To tend a flame you must stand near it – not so close you get burned, but not so far it gets out of hand.

To tend the mind you must learn to do the same thing. Not force or declaration, but presence. Careful, precise actions. Watchful and intentional at the same time.


You know those moments – maybe the quiet space just before dawn, maybe in the wreckage of an emotional hangover – when you come to and realize the fire hasn’t stopped?

It’s roaring on, burning through thought after thought with little meaningful evaluation. A brushfire running on its own fuel, unchecked, consuming the landscape.

But here’s what nobody tells you: it will listen.

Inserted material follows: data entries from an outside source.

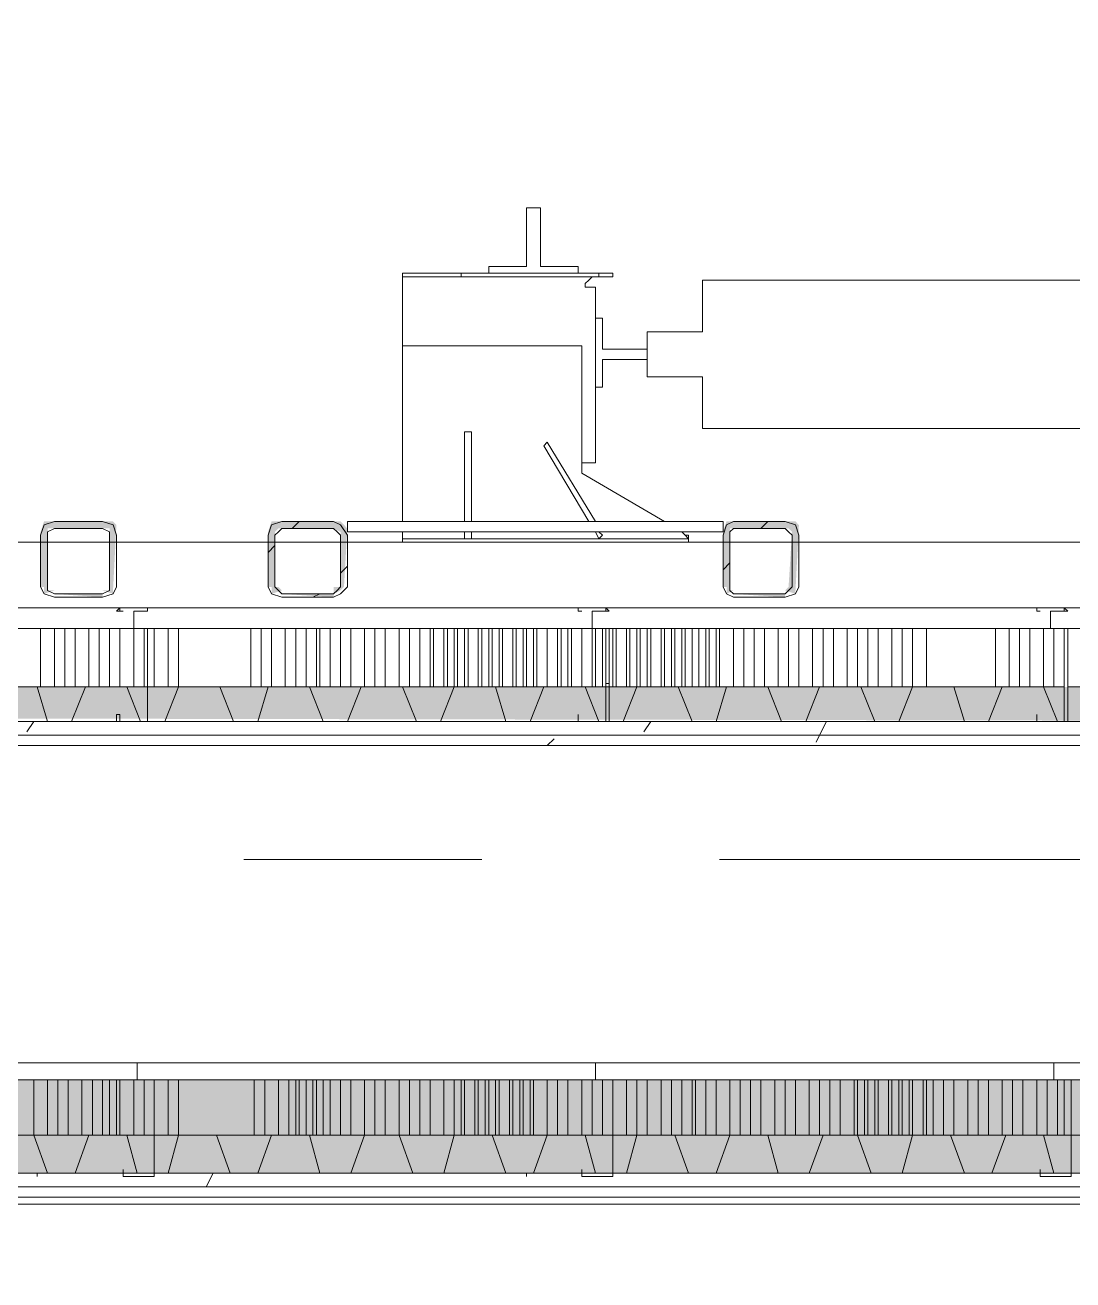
# Model space of a CAD drawing. Header units: metres. Extents: x 98 to 337, y -7 to 53.
# Drawn here: x 142.31 to 143.702, y 25.291 to 26.959 of the extents above; entities that cross this region are included whole.
import ezdxf

# ---------------------------------------------------------------- set-up
doc = ezdxf.new("R2010")
doc.units = ezdxf.units.M
doc.layers.add('PDF_Geometry', color=7, linetype='Continuous', lineweight=0, true_color=0xaaaaaa)
doc.layers.add('PDF_Solid Fills', color=7, linetype='Continuous', lineweight=0, true_color=0xffffff)

msp = doc.modelspace()

# ---------------------------------------------------------------- hatches: boundary and pattern name
at = {"layer": 'PDF_Solid Fills', "lineweight": 0, "transparency": 33554559}
h = msp.add_hatch(color=256, dxfattribs=at)
h.paths.add_polyline_path([(142.3486, 26.2029), (142.4127, 26.1983), (142.4127, 26.2029)])
h.paths.add_polyline_path([(142.431, 26.2945), (142.4265, 26.2991), (142.3348, 26.2991), (142.3303, 26.2853), (142.3303, 26.212), (142.3348, 26.212), (142.3348, 26.2029), (142.3486, 26.2074), (142.3394, 26.2074), (142.3394, 26.2899), (142.4219, 26.2899), (142.4219, 26.2074), (142.4127, 26.2074), (142.4265, 26.2029), (142.4265, 26.2074)])
h = msp.add_hatch(color=256, dxfattribs=at)
h.paths.add_polyline_path([(142.6327, 26.212), (142.6372, 26.212), (142.6372, 26.2029), (142.651, 26.2074), (142.6464, 26.212), (142.6418, 26.212), (142.6418, 26.2853), (142.6464, 26.2899), (142.7197, 26.2899), (142.7289, 26.2853), (142.7289, 26.212), (142.7197, 26.212), (142.7197, 26.2029), (142.7289, 26.2074), (142.7335, 26.212), (142.738, 26.2899), (142.7289, 26.2991), (142.6372, 26.2991), (142.6327, 26.2853)])
h.paths.add_polyline_path([(142.7197, 26.2029), (142.651, 26.2029), (142.7197, 26.1983)])
h = msp.add_hatch(color=256, dxfattribs=at)
h.paths.add_polyline_path([(143.2512, 26.2029), (143.3199, 26.1983), (143.3199, 26.2029)])
h.paths.add_polyline_path([(143.2374, 26.212), (143.242, 26.212), (143.242, 26.2029), (143.2512, 26.2074), (143.2466, 26.2074), (143.2466, 26.2899), (143.3245, 26.2899), (143.3291, 26.2853), (143.3245, 26.212), (143.3199, 26.2074), (143.3337, 26.2029), (143.3337, 26.2074), (143.3382, 26.2933), (143.3382, 26.2945), (143.3337, 26.2991), (143.242, 26.2991), (143.2374, 26.2853)])
msp.add_hatch(color=256, dxfattribs=at).paths.add_polyline_path([(141.8996, 26.0379), (144.3233, 26.0333), (144.3233, 26.0791), (141.9042, 26.0791)])
h = msp.add_hatch(color=256, dxfattribs=at)
h.paths.add_polyline_path([(141.8996, 25.4835), (141.8996, 25.5569), (141.7713, 25.5569), (141.7713, 25.4835)])
h.paths.add_polyline_path([(144.951, 25.5569), (144.951, 25.4835), (145.0472, 25.4835), (145.0472, 25.5569)])
h.paths.add_polyline_path([(141.9042, 25.5569), (141.9042, 25.4835), (144.9464, 25.4835), (144.9464, 25.5569)])
h = msp.add_hatch(color=256, dxfattribs=at)
h.paths.add_polyline_path([(141.8996, 25.4835), (141.8996, 25.5569), (141.7713, 25.5569), (141.7713, 25.4835)])
h.paths.add_polyline_path([(144.951, 25.5569), (144.951, 25.4835), (145.0472, 25.4835), (145.0472, 25.5569)])
h.paths.add_polyline_path([(141.9042, 25.5569), (141.9042, 25.4835), (144.9464, 25.4835), (144.9464, 25.5569)])
h = msp.add_hatch(color=256, dxfattribs=at)
h.paths.add_polyline_path([(141.8996, 25.4331), (141.8996, 25.4835), (141.7255, 25.4835), (141.7255, 25.4331)])
h.paths.add_polyline_path([(144.951, 25.4331), (145.0976, 25.4331), (145.0976, 25.4835), (144.951, 25.4835)])
h.paths.add_polyline_path([(144.9464, 25.4331), (144.9464, 25.4835), (141.9042, 25.4835), (141.9042, 25.4331)])
h = msp.add_hatch(color=256, dxfattribs=at)
h.paths.add_polyline_path([(141.8996, 25.4331), (141.8996, 25.4835), (141.7255, 25.4835), (141.7255, 25.4331)])
h.paths.add_polyline_path([(144.951, 25.4331), (145.0976, 25.4331), (145.0976, 25.4835), (144.951, 25.4835)])
h.paths.add_polyline_path([(144.9464, 25.4331), (144.9464, 25.4835), (141.9042, 25.4835), (141.9042, 25.4331)])

# ---------------------------------------------------------------- linework, layer by layer
at = {"layer": 'PDF_Geometry', "lineweight": 0}
for points in [[(142.1561, 25.401), (145.1297, 25.401), (145.6749, 25.401), (145.6749, 25.5247), (145.1297, 25.5247), (145.1297, 25.5797), (145.1297, 35.4762), (145.6337, 35.4762), (145.6337, 35.6045), (145.1297, 35.6045), (144.9464, 35.6045), (141.6934, 35.6045), (141.6934, 35.4212), (141.6934, 25.5797), (141.6934, 25.401), (141.8263, 25.401)], [(145.1113, 25.4148), (145.0976, 25.4148), (141.7071, 25.4148), (141.7071, 25.4331), (141.7071, 25.5797), (141.7071, 35.4212), (141.7071, 35.5724), (141.7071, 35.5861), (144.9464, 35.5861), (145.0976, 35.5861), (145.1113, 35.5861)], [(144.9739, 35.4441), (144.9739, 25.5797), (144.9739, 25.5569), (144.951, 25.5569), (144.9464, 25.5569), (141.8996, 25.5569), (141.8492, 25.5569), (141.8492, 25.905), (141.8492, 26.5144), (141.8492, 26.8809), (141.8492, 27.5865), (141.8492, 28.1867), (141.8492, 28.5074), (141.8492, 29.1168), (141.8492, 29.7353), (141.8492, 30.3264)], [(141.478, 26.6014), (141.478, 25.2911), (141.4597, 25.2911), (142.2432, 25.2911), (142.2432, 25.401), (145.1297, 25.401), (145.1297, 25.3919), (145.1297, 25.401), (145.1343, 25.401), (145.1297, 25.401), (145.1113, 25.401), (145.0976, 25.401), (141.6934, 25.401), (141.6934, 25.4148), (141.6934, 25.5797), (141.6934, 35.4212)], [(144.1721, 26.1845), (141.8996, 26.1845), (141.8996, 26.0012), (144.3554, 26.0012), (144.3554, 26.015), (144.3554, 26.1845), (144.3554, 34.711), (144.3554, 34.8806), (144.3554, 34.8943), (141.8767, 34.8943), (141.8767, 35.4212), (144.9464, 35.4212), (144.9464, 25.5797), (141.8767, 25.5797), (141.8767, 26.8809), (141.8767, 28.1867), (141.8767, 29.7353), (141.8767, 30.9632)], [(141.8996, 26.0333), (144.3233, 26.0333), (144.3233, 26.0791), (144.3233, 26.1845), (144.3233, 34.711), (144.3233, 34.8164), (144.3233, 34.8622), (141.8767, 34.8622), (141.8767, 34.8806), (144.337, 34.8806), (144.337, 34.8622), (144.337, 34.711), (144.337, 26.1845), (144.337, 26.0333), (144.337, 26.015), (141.8996, 26.015)], [(143.6956, 26.0791), (144.3187, 26.0791), (144.3233, 26.0791), (144.3233, 26.0333), (141.8996, 26.0333), (141.8996, 26.0791), (141.8996, 26.157), (142.4448, 26.157), (141.8996, 26.157), (141.8996, 26.1845), (144.195, 26.1845), (144.195, 26.157), (143.6818, 26.157), (144.2729, 26.157), (144.2729, 26.0791), (143.6956, 26.0791), (144.2729, 26.0791), (144.2729, 26.157), (144.2729, 26.1845), (144.2729, 26.9542), (144.2729, 27.5636)], [(143.0542, 26.6106), (143.0588, 26.6106), (143.0634, 26.6106), (143.0679, 26.6106), (143.0679, 26.5694), (143.0679, 26.6106), (143.0634, 26.6106), (143.0588, 26.6106), (143.0542, 26.6106), (143.0542, 26.6152), (143.0588, 26.6198), (143.0634, 26.6243), (143.0038, 26.6243), (142.9442, 26.6243), (142.8846, 26.6243), (142.8205, 26.6243), (142.8113, 26.6243), (142.8113, 26.6289), (142.8205, 26.6289), (142.8846, 26.6289), (142.8205, 26.6289), (142.8113, 26.6289), (142.8113, 26.6243), (142.8892, 26.6243), (143.0725, 26.6243), (143.0908, 26.6243), (143.0908, 26.6289), (143.0725, 26.6289), (142.8892, 26.6289), (142.8113, 26.6289), (142.8113, 26.6243), (142.8113, 26.6152), (142.8113, 26.6243), (142.8113, 26.6289), (142.8892, 26.6289), (142.8892, 26.6243)], [(143.0725, 26.6243), (143.0725, 26.6289), (143.0908, 26.6289), (143.0908, 26.6243), (143.0725, 26.6243), (143.0634, 26.6243), (143.0588, 26.6198), (143.0542, 26.6152)], [(142.8113, 26.2991), (142.8113, 26.5327), (142.8113, 26.2991), (142.738, 26.2991), (142.738, 26.2853), (142.8113, 26.2853), (142.8113, 26.2807), (142.8113, 26.2761), (142.8113, 26.2715), (143.1916, 26.2715), (143.1916, 26.2761), (143.1916, 26.2807), (143.187, 26.2807), (143.1825, 26.2853), (143.187, 26.2807)], [(143.1595, 26.2991), (143.0496, 26.3632), (143.0496, 26.5327), (142.8113, 26.5327)], [(143.1779, 26.2853), (143.1825, 26.2853), (143.187, 26.2807), (143.1916, 26.2761), (143.1916, 26.2715), (142.8113, 26.2715), (142.8113, 26.2761), (143.1916, 26.2761), (143.187, 26.2807), (143.1825, 26.2853), (143.1779, 26.2853), (143.2374, 26.2853), (143.2374, 26.2991), (142.738, 26.2991), (142.738, 26.2853), (143.2374, 26.2853), (143.2374, 26.2991), (143.1595, 26.2991), (143.0496, 26.3632), (143.0496, 26.377), (143.0542, 26.377), (143.0588, 26.377), (143.0634, 26.377), (143.0679, 26.377), (143.0679, 26.4778), (143.0679, 26.377), (143.0634, 26.377), (143.0588, 26.377), (143.0542, 26.377), (143.0496, 26.377)], [(142.8938, 26.2991), (142.8938, 26.4182), (142.903, 26.4182), (142.903, 26.2991)], [(143.0588, 26.2991), (142.9992, 26.3998), (143.0038, 26.4044), (143.0679, 26.2991)], [(142.6647, 26.2899), (142.6739, 26.2991)], [(142.903, 26.2853), (142.903, 26.2761), (142.8938, 26.2761), (142.8938, 26.2853)], [(143.0725, 26.2853), (143.0771, 26.2807), (143.0725, 26.2761), (143.0679, 26.2853)], [(143.2878, 26.2899), (143.297, 26.2991)], [(142.8434, 26.2761), (142.8479, 26.2761), (142.8434, 26.2761)], [(142.8434, 26.2715), (142.8479, 26.2715), (142.8434, 26.2715)], [(142.8434, 26.2715), (142.8479, 26.2715), (142.8434, 26.2715)], [(143.1137, 26.2761), (143.1092, 26.2761), (143.1137, 26.2761)], [(143.1137, 26.2761), (143.155, 26.2761), (143.1595, 26.2761), (143.155, 26.2761)], [(143.155, 26.2715), (143.1595, 26.2715), (143.155, 26.2715)], [(143.155, 26.2715), (143.1595, 26.2715), (143.155, 26.2715)], [(142.6327, 26.2578), (142.6418, 26.267)], [(142.7289, 26.2303), (142.738, 26.2395)], [(143.2374, 26.2349), (143.2466, 26.2441)], [(144.1584, 26.2211), (144.1721, 26.1845), (144.195, 26.1845), (144.195, 26.157), (143.6818, 26.157)], [(142.6922, 26.1983), (142.7014, 26.2029)], [(142.4448, 26.157), (141.8996, 26.157)], [(143.0542, 26.157), (142.4631, 26.157)], [(143.6635, 26.157), (143.0725, 26.157)], [(141.9042, 26.0791), (142.4723, 26.0791), (143.0816, 26.0791), (143.691, 26.0791)], [(143.0816, 26.0837), (143.0862, 26.0837)], [(142.9167, 25.85), (142.6006, 25.85)], [(144.5019, 25.85), (143.2329, 25.85)], [(141.8492, 25.5797), (144.9739, 25.5797)], [(142.4768, 25.5797), (142.4814, 25.5797), (142.4768, 25.5797)], [(141.8996, 25.5569), (144.9464, 25.5569), (141.8996, 25.5569)], [(141.8996, 25.4835), (141.8767, 25.4835), (141.7255, 25.4835), (141.7255, 25.4331), (141.8996, 25.4331), (141.7071, 25.4331), (141.7071, 25.4148), (145.1113, 25.4148), (145.1113, 25.4331), (144.951, 25.4331), (145.0976, 25.4331), (145.0976, 25.4835), (145.0976, 25.5064)], [(144.9464, 25.4835), (141.9042, 25.4835)], [(141.9042, 25.4331), (142.4814, 25.4331), (143.0908, 25.4331), (143.7002, 25.4331), (144.2866, 25.4331), (144.644, 25.4331), (144.9464, 25.4331)], [(141.478, 25.2911), (141.5697, 25.2911), (141.4597, 25.2911), (142.2432, 25.2911), (142.2432, 25.3094), (142.2432, 25.401), (145.1297, 25.401), (145.1297, 25.4148)], [(142.1561, 25.401), (145.1297, 25.401), (141.6934, 25.401), (145.1297, 25.401), (145.1297, 25.4148), (141.6934, 25.4148), (141.6934, 25.401), (141.8263, 25.401)]]:
    msp.add_lwpolyline(points, dxfattribs=at)
for points in [[(141.982, 28.9702), (141.982, 26.2715), (144.1721, 26.2715), (144.1721, 28.9702), (141.982, 28.9702), (141.982, 26.2715), (144.1721, 26.2715), (144.1721, 28.9702)], [(142.9763, 26.716), (142.9763, 26.6381), (142.9259, 26.6381), (142.9259, 26.6289), (143.045, 26.6289), (143.045, 26.6381), (142.9946, 26.6381), (142.9946, 26.716)], [(142.8113, 26.6243), (142.8113, 26.6198), (142.8113, 26.6152), (142.8113, 26.377), (142.8113, 26.6152), (142.8113, 26.6198)], [(143.2099, 26.551), (143.2099, 26.6198), (143.9155, 26.6198), (143.9155, 26.551), (143.9888, 26.551), (143.9888, 26.4915), (143.9155, 26.4915), (143.9155, 26.4228), (143.2099, 26.4228), (143.2099, 26.4915), (143.1366, 26.4915), (143.1366, 26.551)], [(143.1366, 26.5144), (143.1366, 26.5281), (143.0771, 26.5281), (143.0771, 26.5694), (143.0679, 26.5694), (143.0679, 26.4778), (143.0771, 26.4778), (143.0771, 26.5144)], [(142.431, 26.2807), (142.4265, 26.2945), (142.4127, 26.2991), (142.3486, 26.2991), (142.3348, 26.2945), (142.3303, 26.2807), (142.3303, 26.212), (142.3348, 26.2029), (142.3486, 26.1983), (142.4127, 26.1983), (142.4265, 26.2029), (142.431, 26.212)], [(142.3486, 26.2899), (142.4127, 26.2899), (142.4219, 26.2853), (142.4219, 26.2807), (142.4219, 26.212), (142.4219, 26.2074), (142.4127, 26.2029), (142.3486, 26.2029), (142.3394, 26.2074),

In that next golden moment when you come to yourself, when you find that tiny space between thoughts where you can actually think about what you’re thinking about – use it. Just that small recognition. I like this. I don’t like this. I hate this.

The mind responds to attention like a flame responds to oxygen.


Calendars, goals, powering through, military discipline – they only take you so far. They don’t fully leverage what a managed mind is actually capable of.

But you don’t manage it by going with the flow, or yelling at yourself, or getting depressed about the state of things. You step back. Don’t judge – just watch where it’s going, then gently nudge it in a new direction. Pour a little water here. Move the ideas around. Flick an ember back into the fireplace.

Think about managing a bonfire that seems ready to burn out of the pit. You stand stock still, at the ready, hose in one hand, shovel in the other, watching. Paying very close attention.

You’d be surprised how quickly a wayward thought vanishes when you simply notice it and say to yourself: I hate thinking this way.

That’s it. That’s the whole move.


This is the stewardship of the mind. Notice the spark before it becomes a blaze. Shape the flame with tiny moves, not sweeping changes. Redirect it with breath, pause, and practiced stillness.

Principle nine: speak clearly, listen carefully, pay close attention. It applies inward as much as outward. The conversation you’re not paying attention to is the one happening inside your own head, and it has been running without supervision since approximately the third grade.

You won’t be a monk overnight. But you might be a better version of yourself by noon.

Learn to tend the flame of insatiable thought and you won’t have a brushfire. You’ll have a forge. And with a reliable forge you can make useful, rare, and valuable things.

That’s the whole point of the inner fire – not to extinguish it, not to fear it, but to learn what it’s good for.